Dem ehemaligen Prinzen Andrew werden neue Vorwürfe gemacht, er habe ein offizielles Dokument, genauer gesagt ein Briefing des Finanzministeriums, mit einem Geschäftskontakt geteilt, wie Berichte nahelegen. In The Telegraph veröffentlichte E-Mails deuten darauf hin, dass das Dokument, das sich mit Bankproblemen in Island befasste, 2010 mit Jonathan Rowland, einem Geschäftspartner Andrews, geteilt wurde. Dieser jüngste Vorwurf erhöht den Druck auf den ehemaligen Prinzen hinsichtlich des angeblichen Missbrauchs seiner öffentlichen Rolle.
Die Anschuldigungen basieren auf einem Briefing des Finanzministeriums, das Prinz Andrew Berichten zufolge mit Rowland teilte, dessen Vater, David Rowland, einen Teil einer in Schwierigkeiten geratenen isländischen Bank übernahm. Dieser Vorfall wird nun genau unter die Lupe genommen, da er Fragen zur Angemessenheit der Weitergabe offizieller Informationen an private Geschäftspartner aufwirft. Der Zeitpunkt der angeblichen Weitergabe ist ebenfalls von Bedeutung, da sie in eine Zeit fiel, in der der Finanzsektor vor erheblichen Herausforderungen stand.

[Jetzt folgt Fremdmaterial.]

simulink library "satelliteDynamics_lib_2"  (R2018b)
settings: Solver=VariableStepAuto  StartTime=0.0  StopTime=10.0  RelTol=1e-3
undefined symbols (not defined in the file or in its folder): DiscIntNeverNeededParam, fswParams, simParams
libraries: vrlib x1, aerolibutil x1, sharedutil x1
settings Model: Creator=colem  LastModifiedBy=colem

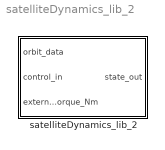
== system satelliteDynamics_lib_2 ==
  satelliteDynamics_lib_2 : Subsystem

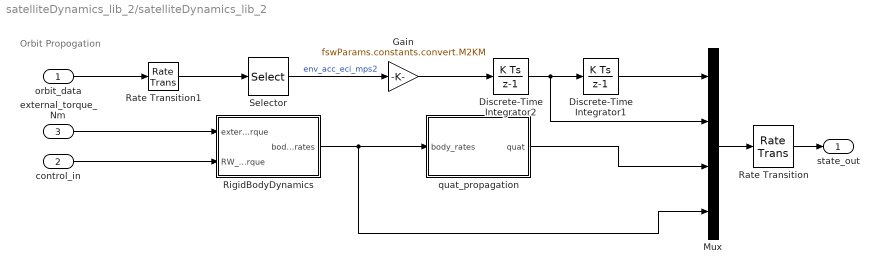
== system satelliteDynamics_lib_2/satelliteDynamics_lib_2 ==
  note: Orbit Propogation
  orbit_data : Inport
  control_in : Inport  Port=2
  external_torque_Nm : Inport  Port=3
  Discrete-Time Integrator1 : DiscreteIntegrator  InitialCondition=simParams.initialConditions.r0  SampleTime=-1  ICPrevOutput=DiscIntNeverNeededParam  ICPrevScaledInput=DiscIntNeverNeededParam
  Discrete-Time Integrator2 : DiscreteIntegrator  InitialCondition=simParams.initialConditions.v0  SampleTime=-1  ICPrevOutput=DiscIntNeverNeededParam  ICPrevScaledInput=DiscIntNeverNeededParam
  Gain : Gain  Gain=fswParams.constants.convert.M2KM
  Mux : Mux  Inputs=[3 3 4 3]
  Rate Transition : RateTransition  InitialCondition=[simParams.initialConditions.r0;simParams.initialConditions.v0;simParams.initialConditions.q0;simParams.initialConditions.w0]
  Rate Transition1 : RateTransition  OutPortSampleTime=simParams.sample_time_s
  RigidBodyDynamics : Subsystem
  Selector : Selector  InputPortWidth=13  IndexOptions=Index vector (dialog)  Indices=[1 2 3]  OutputSizes=1
  quat_propagation : Subsystem
  state_out : Outport
  wires:
  control_in/1 -> RigidBodyDynamics/2(RW_torque)
  Mux/1 -> Rate Transition/1
  Discrete-Time Integrator2/1 -> Discrete-Time Integrator1/1, Mux/2
  Discrete-Time Integrator1/1 -> Mux/1
  Gain/1 -> Discrete-Time Integrator2/1
  Rate Transition/1 -> state_out/1
  orbit_data/1 -> Rate Transition1/1
  Rate Transition1/1 -> Selector/1
  external_torque_Nm/1 -> RigidBodyDynamics/1(external_torque)
  Selector/1 -> Gain/1  "env_acc_eci_mps2"
  quat_propagation/1(quat) -> Mux/3
  RigidBodyDynamics/1(body_rates) -> Mux/4, quat_propagation/1(body_rates)

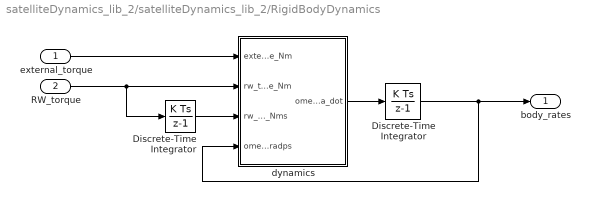
== system satelliteDynamics_lib_2/satelliteDynamics_lib_2/RigidBodyDynamics ==
  external_torque : Inport
  RW_torque : Inport  Port=2
  Discrete-Time Integrator : DiscreteIntegrator  InitialCondition=[0;0;0]  SampleTime=-1  ICPrevOutput=DiscIntNeverNeededParam  ICPrevScaledInput=DiscIntNeverNeededParam
  "Discrete-Time Integrator " : DiscreteIntegrator  InitialCondition=simParams.initialConditions.w0  SampleTime=-1  ICPrevOutput=DiscIntNeverNeededParam  ICPrevScaledInput=DiscIntNeverNeededParam
  dynamics : Subsystem
  body_rates : Outport
  wires:
  RW_torque/1 -> dynamics/2(rw_torque_Nm), Discrete-Time Integrator/1
  Discrete-Time Integrator/1 -> dynamics/3(rw_momentum_Nms)
  "Discrete-Time Integrator "/1 -> body_rates/1, dynamics/4(omega_radps)
  external_torque/1 -> dynamics/1(external_torque_Nm)
  dynamics/1(omega_dot) -> "Discrete-Time Integrator "/1

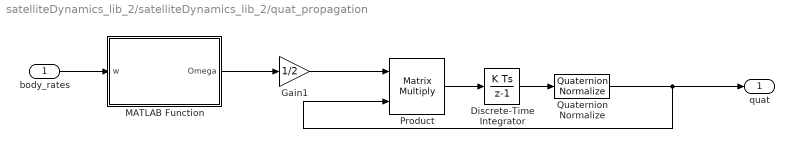
== system satelliteDynamics_lib_2/satelliteDynamics_lib_2/quat_propagation ==
  body_rates : Inport
  Discrete-Time Integrator : DiscreteIntegrator  InitialCondition=simParams.initialConditions.q0  SampleTime=-1  ICPrevOutput=DiscIntNeverNeededParam  ICPrevScaledInput=DiscIntNeverNeededParam
  Gain1 : Gain  Gain=1/2
  MATLAB Function : MATLAB Function  TreatAsAtomicUnit=on
  Product : Product  Multiplication=Matrix(*)  RndMeth=Zero
  Quaternion Normalize : sharedutil/Quaternion Normalize  aMode=aMode
      settings: SourceProductName=Aerospace Blockset  SourceProductBaseCode=AE
  quat : Outport
  wires:
  Product/1 -> Discrete-Time Integrator/1
  Discrete-Time Integrator/1 -> Quaternion Normalize/1
  Gain1/1 -> Product/1
  Quaternion Normalize/1 -> quat/1, Product/2
  body_rates/1 -> MATLAB Function/1(w)
  MATLAB Function/1(Omega) -> Gain1/1

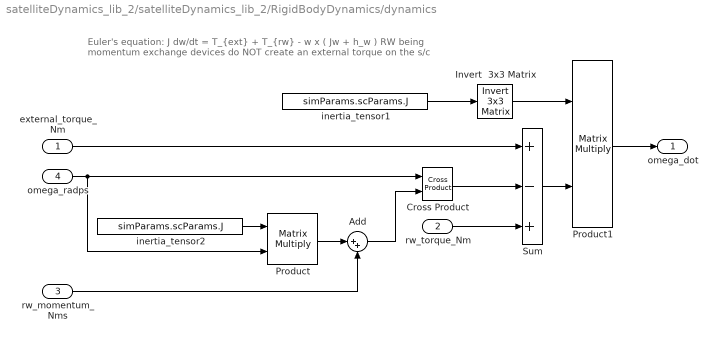
== system satelliteDynamics_lib_2/satelliteDynamics_lib_2/RigidBodyDynamics/dynamics ==
  note: Euler's equation: J dw/dt = T_{ext} + T_{rw} - w x ( Jw + h_w )
      |
      | RW being momentum exchange devices do NOT create
      | an external torque on the s/c
  external_torque_Nm : Inport
  rw_torque_Nm : Inport  Port=2
  rw_momentum_Nms : Inport  Port=3
  omega_radps : Inport  Port=4
  Add : Sum  Inputs=|++
  Cross Product : vrlib/Utilities/Cross Product
      settings: SourceProductBaseCode=VR
  Invert  3x3 Matrix : aerolibutil/Invert  3x3 Matrix
  Product : Product  Multiplication=Matrix(*)  RndMeth=Zero
  Product1 : Product  Multiplication=Matrix(*)  RndMeth=Zero
  Sum : Sum  Inputs=+-+
  inertia_tensor1 : Constant  Value=simParams.scParams.J  SampleTime=simParams.sample_time_s
  inertia_tensor2 : Constant  Value=simParams.scParams.J  SampleTime=simParams.sample_time_s
  omega_dot : Outport
  wires:
  rw_torque_Nm/1 -> Sum/3
  Add/1 -> Cross Product/2
  Product/1 -> Add/1
  Cross Product/1 -> Sum/2
  inertia_tensor1/1 -> Invert  3x3 Matrix/1
  Invert  3x3 Matrix/1 -> Product1/1
  Product1/1 -> omega_dot/1
  Sum/1 -> Product1/2
  inertia_tensor2/1 -> Product/1
  omega_radps/1 -> Cross Product/1, Product/2
  external_torque_Nm/1 -> Sum/1
  rw_momentum_Nms/1 -> Add/2

== matlab function satelliteDynamics_lib_2/quat_propagation/MATLAB Function ==
  data: w input; Omega output
function Omega = skew_sym(w)
%#codegen

    w_skew = ...
        [0 w(3) -w(2);
        -w(3) 0 w(1);
        w(2) -w(1) 0];

    Omega = ...
        [0 -w';
        w w_skew];

In anderen Nachrichten hat Amazons Ring seine Partnerschaft mit Flock Safety, einem Überwachungsunternehmen, nach öffentlicher Kritik beendet. Die Entscheidung annulliert einen im Oktober angekündigten Deal, der es Behörden, die mit Flock zusammenarbeiten, ermöglicht hätte, auf Ring-Geräten aufgezeichnete Videos für Ermittlungen abzurufen. Der Schritt erfolgte, nachdem eine Ring-Werbung während des Super Bowl weitverbreitete Kritik an Datenschutzbedenken auslöste.
Unterdessen kämpft die kanadische Stadt Tumbler Ridge mit Trauer und sucht nach Einheit nach einer Schießerei. Die Einwohner versuchen, mit der Tragödie fertig zu werden, wobei im Nachgang des Vorfalls ein vorherrschendes Pflichtgefühl entsteht.
In Peru wurde eine Sondersitzung des Plenums angekündigt, um über die Absetzung von Präsident Jose Jeri zu beraten, nur vier Monate nach Beginn seiner Amtszeit. Die Sitzung, die für den 17. Februar angesetzt ist, wurde vom Parlamentspräsidenten Perus, Fernando Rospigliosi, angekündigt.
Schließlich hat der ehemalige US-Präsident Donald Trump eine Verfügung angedeutet, die vor Wahlen eine Wählerausweisvorlage vorschreiben würde. In einem Social-Media-Beitrag äußerte Trump seine Frustration über den mangelnden Fortschritt in dieser Frage im Kongress und warnte vor unmittelbar bevorstehenden Exekutivmaßnahmen.